Below is a set of entries. Print the line that contains "Bottom Layer: signal copper 1.4" and every later line word for word, through the final one.
((
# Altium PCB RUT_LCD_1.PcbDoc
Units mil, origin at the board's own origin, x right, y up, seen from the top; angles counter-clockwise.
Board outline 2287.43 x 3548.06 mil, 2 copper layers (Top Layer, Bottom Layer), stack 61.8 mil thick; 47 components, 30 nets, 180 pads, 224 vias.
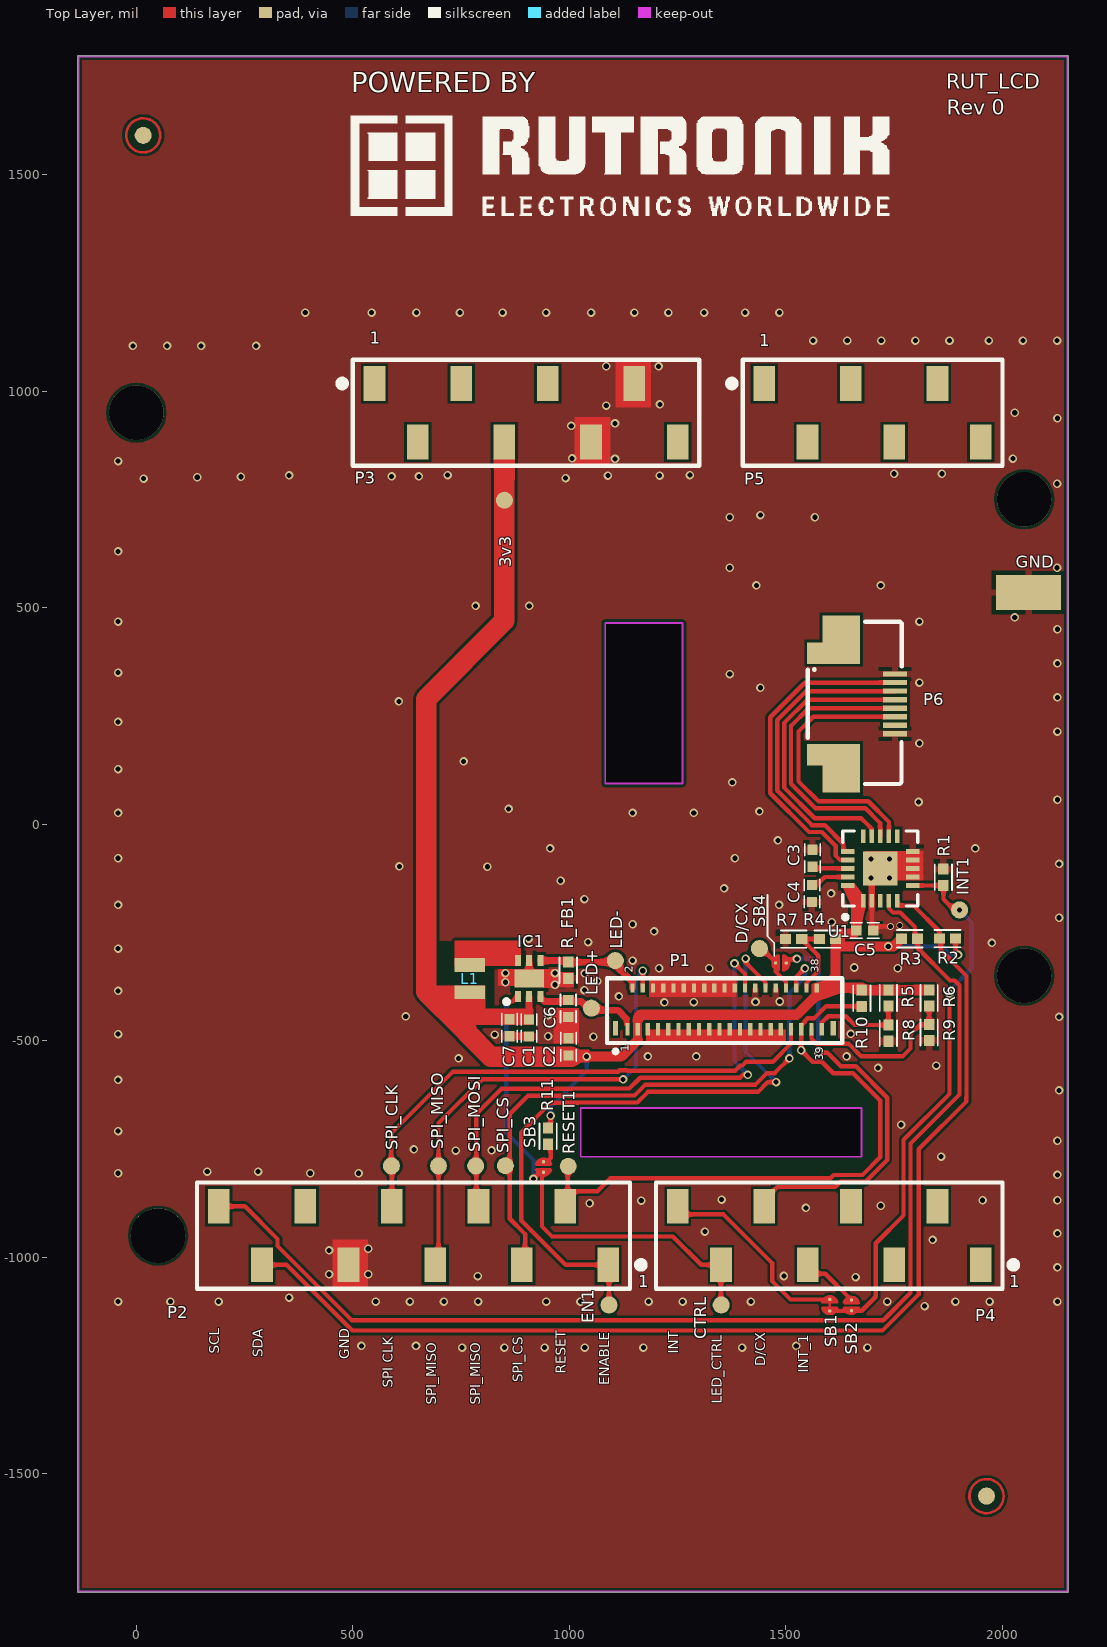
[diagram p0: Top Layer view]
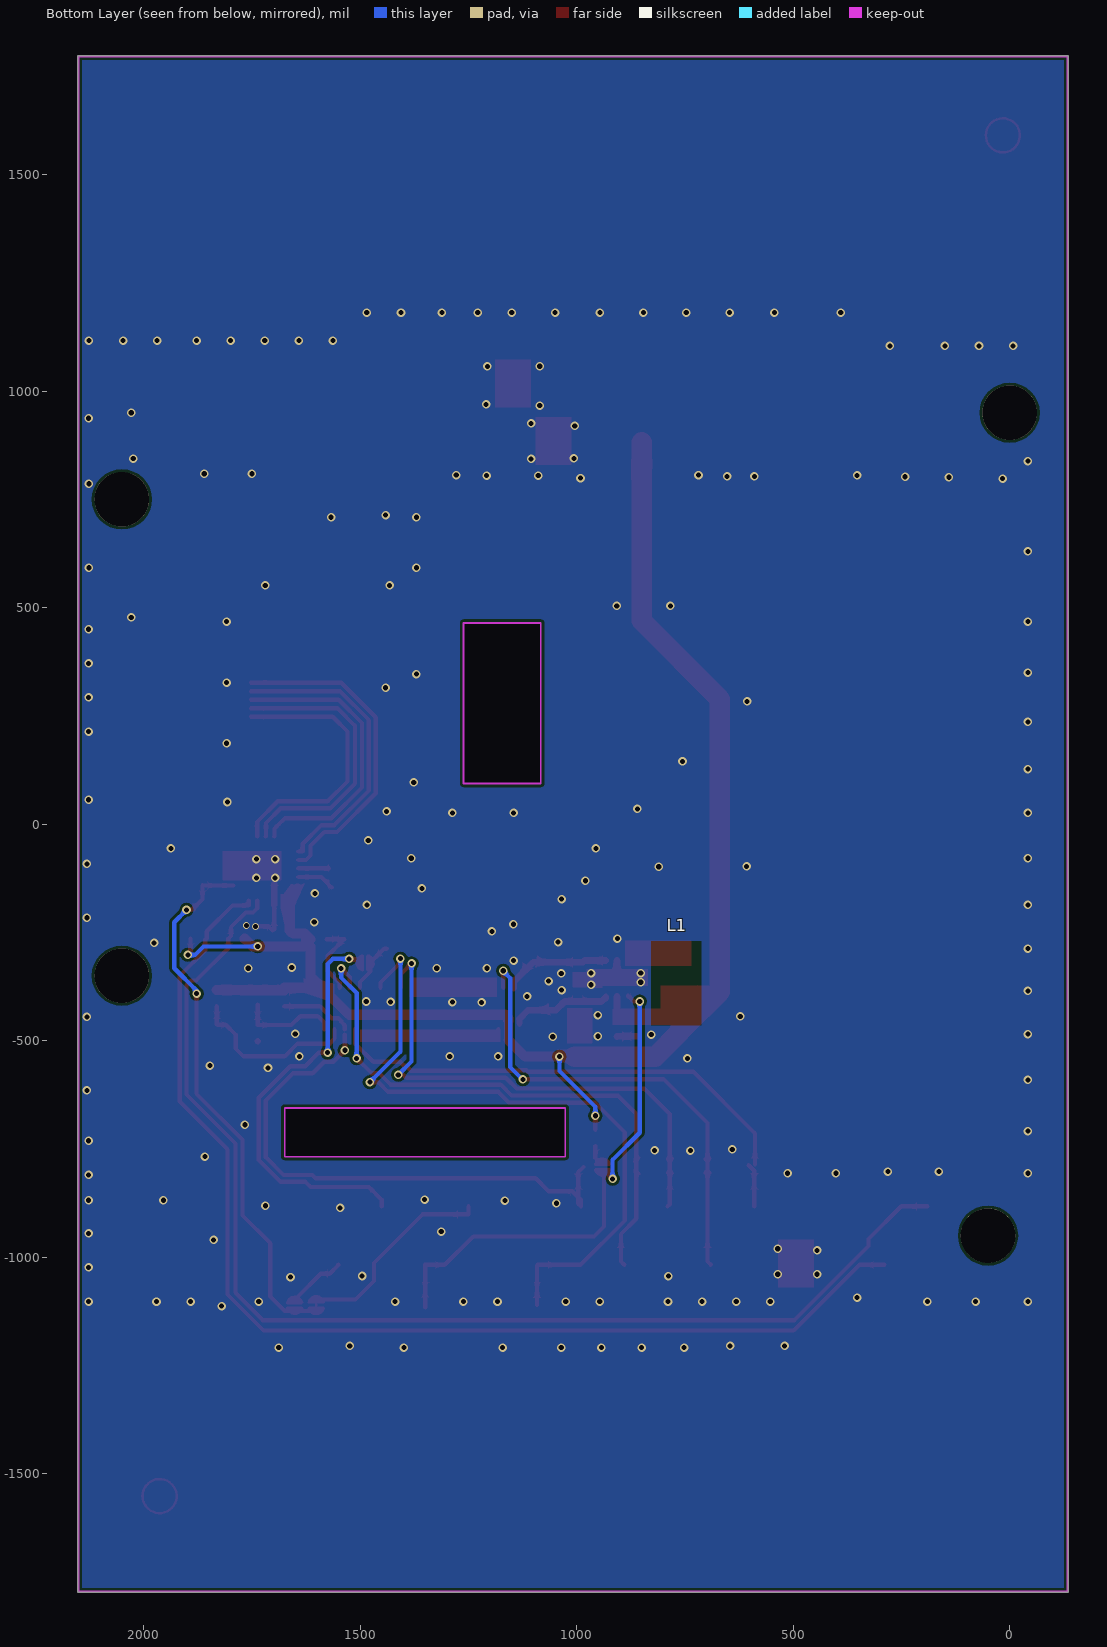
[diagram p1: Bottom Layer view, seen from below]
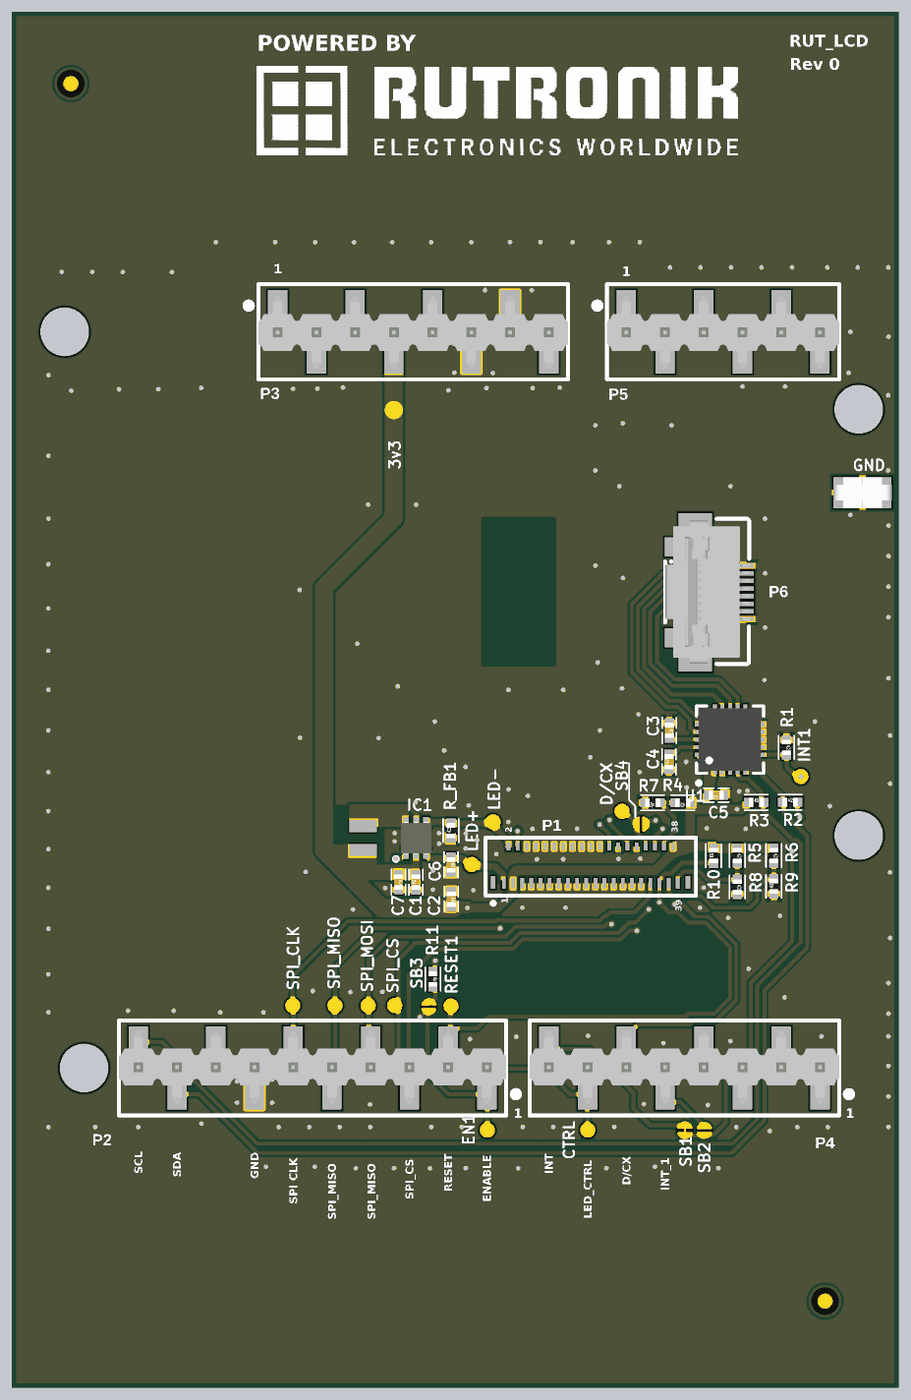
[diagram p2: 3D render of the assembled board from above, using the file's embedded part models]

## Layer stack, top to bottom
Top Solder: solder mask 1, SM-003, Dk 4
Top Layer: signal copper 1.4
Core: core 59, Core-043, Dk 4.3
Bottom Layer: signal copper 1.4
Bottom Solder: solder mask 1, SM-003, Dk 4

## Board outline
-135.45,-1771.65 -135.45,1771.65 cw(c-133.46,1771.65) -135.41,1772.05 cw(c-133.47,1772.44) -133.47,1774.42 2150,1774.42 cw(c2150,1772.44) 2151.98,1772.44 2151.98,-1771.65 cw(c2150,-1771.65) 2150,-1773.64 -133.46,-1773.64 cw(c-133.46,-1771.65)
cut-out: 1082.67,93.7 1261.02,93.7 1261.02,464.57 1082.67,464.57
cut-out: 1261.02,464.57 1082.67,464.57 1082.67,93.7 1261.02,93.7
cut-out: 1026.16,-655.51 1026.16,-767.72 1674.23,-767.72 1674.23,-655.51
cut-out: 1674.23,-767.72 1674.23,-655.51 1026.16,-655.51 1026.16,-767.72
))
EXERCISE OUTPUT:
Bottom Layer: signal copper 1.4
Bottom Solder: solder mask 1, SM-003, Dk 4

## Board outline
-135.45,-1771.65 -135.45,1771.65 cw(c-133.46,1771.65) -135.41,1772.05 cw(c-133.47,1772.44) -133.47,1774.42 2150,1774.42 cw(c2150,1772.44) 2151.98,1772.44 2151.98,-1771.65 cw(c2150,-1771.65) 2150,-1773.64 -133.46,-1773.64 cw(c-133.46,-1771.65)
cut-out: 1082.67,93.7 1261.02,93.7 1261.02,464.57 1082.67,464.57
cut-out: 1261.02,464.57 1082.67,464.57 1082.67,93.7 1261.02,93.7
cut-out: 1026.16,-655.51 1026.16,-767.72 1674.23,-767.72 1674.23,-655.51
cut-out: 1674.23,-767.72 1674.23,-655.51 1026.16,-655.51 1026.16,-767.72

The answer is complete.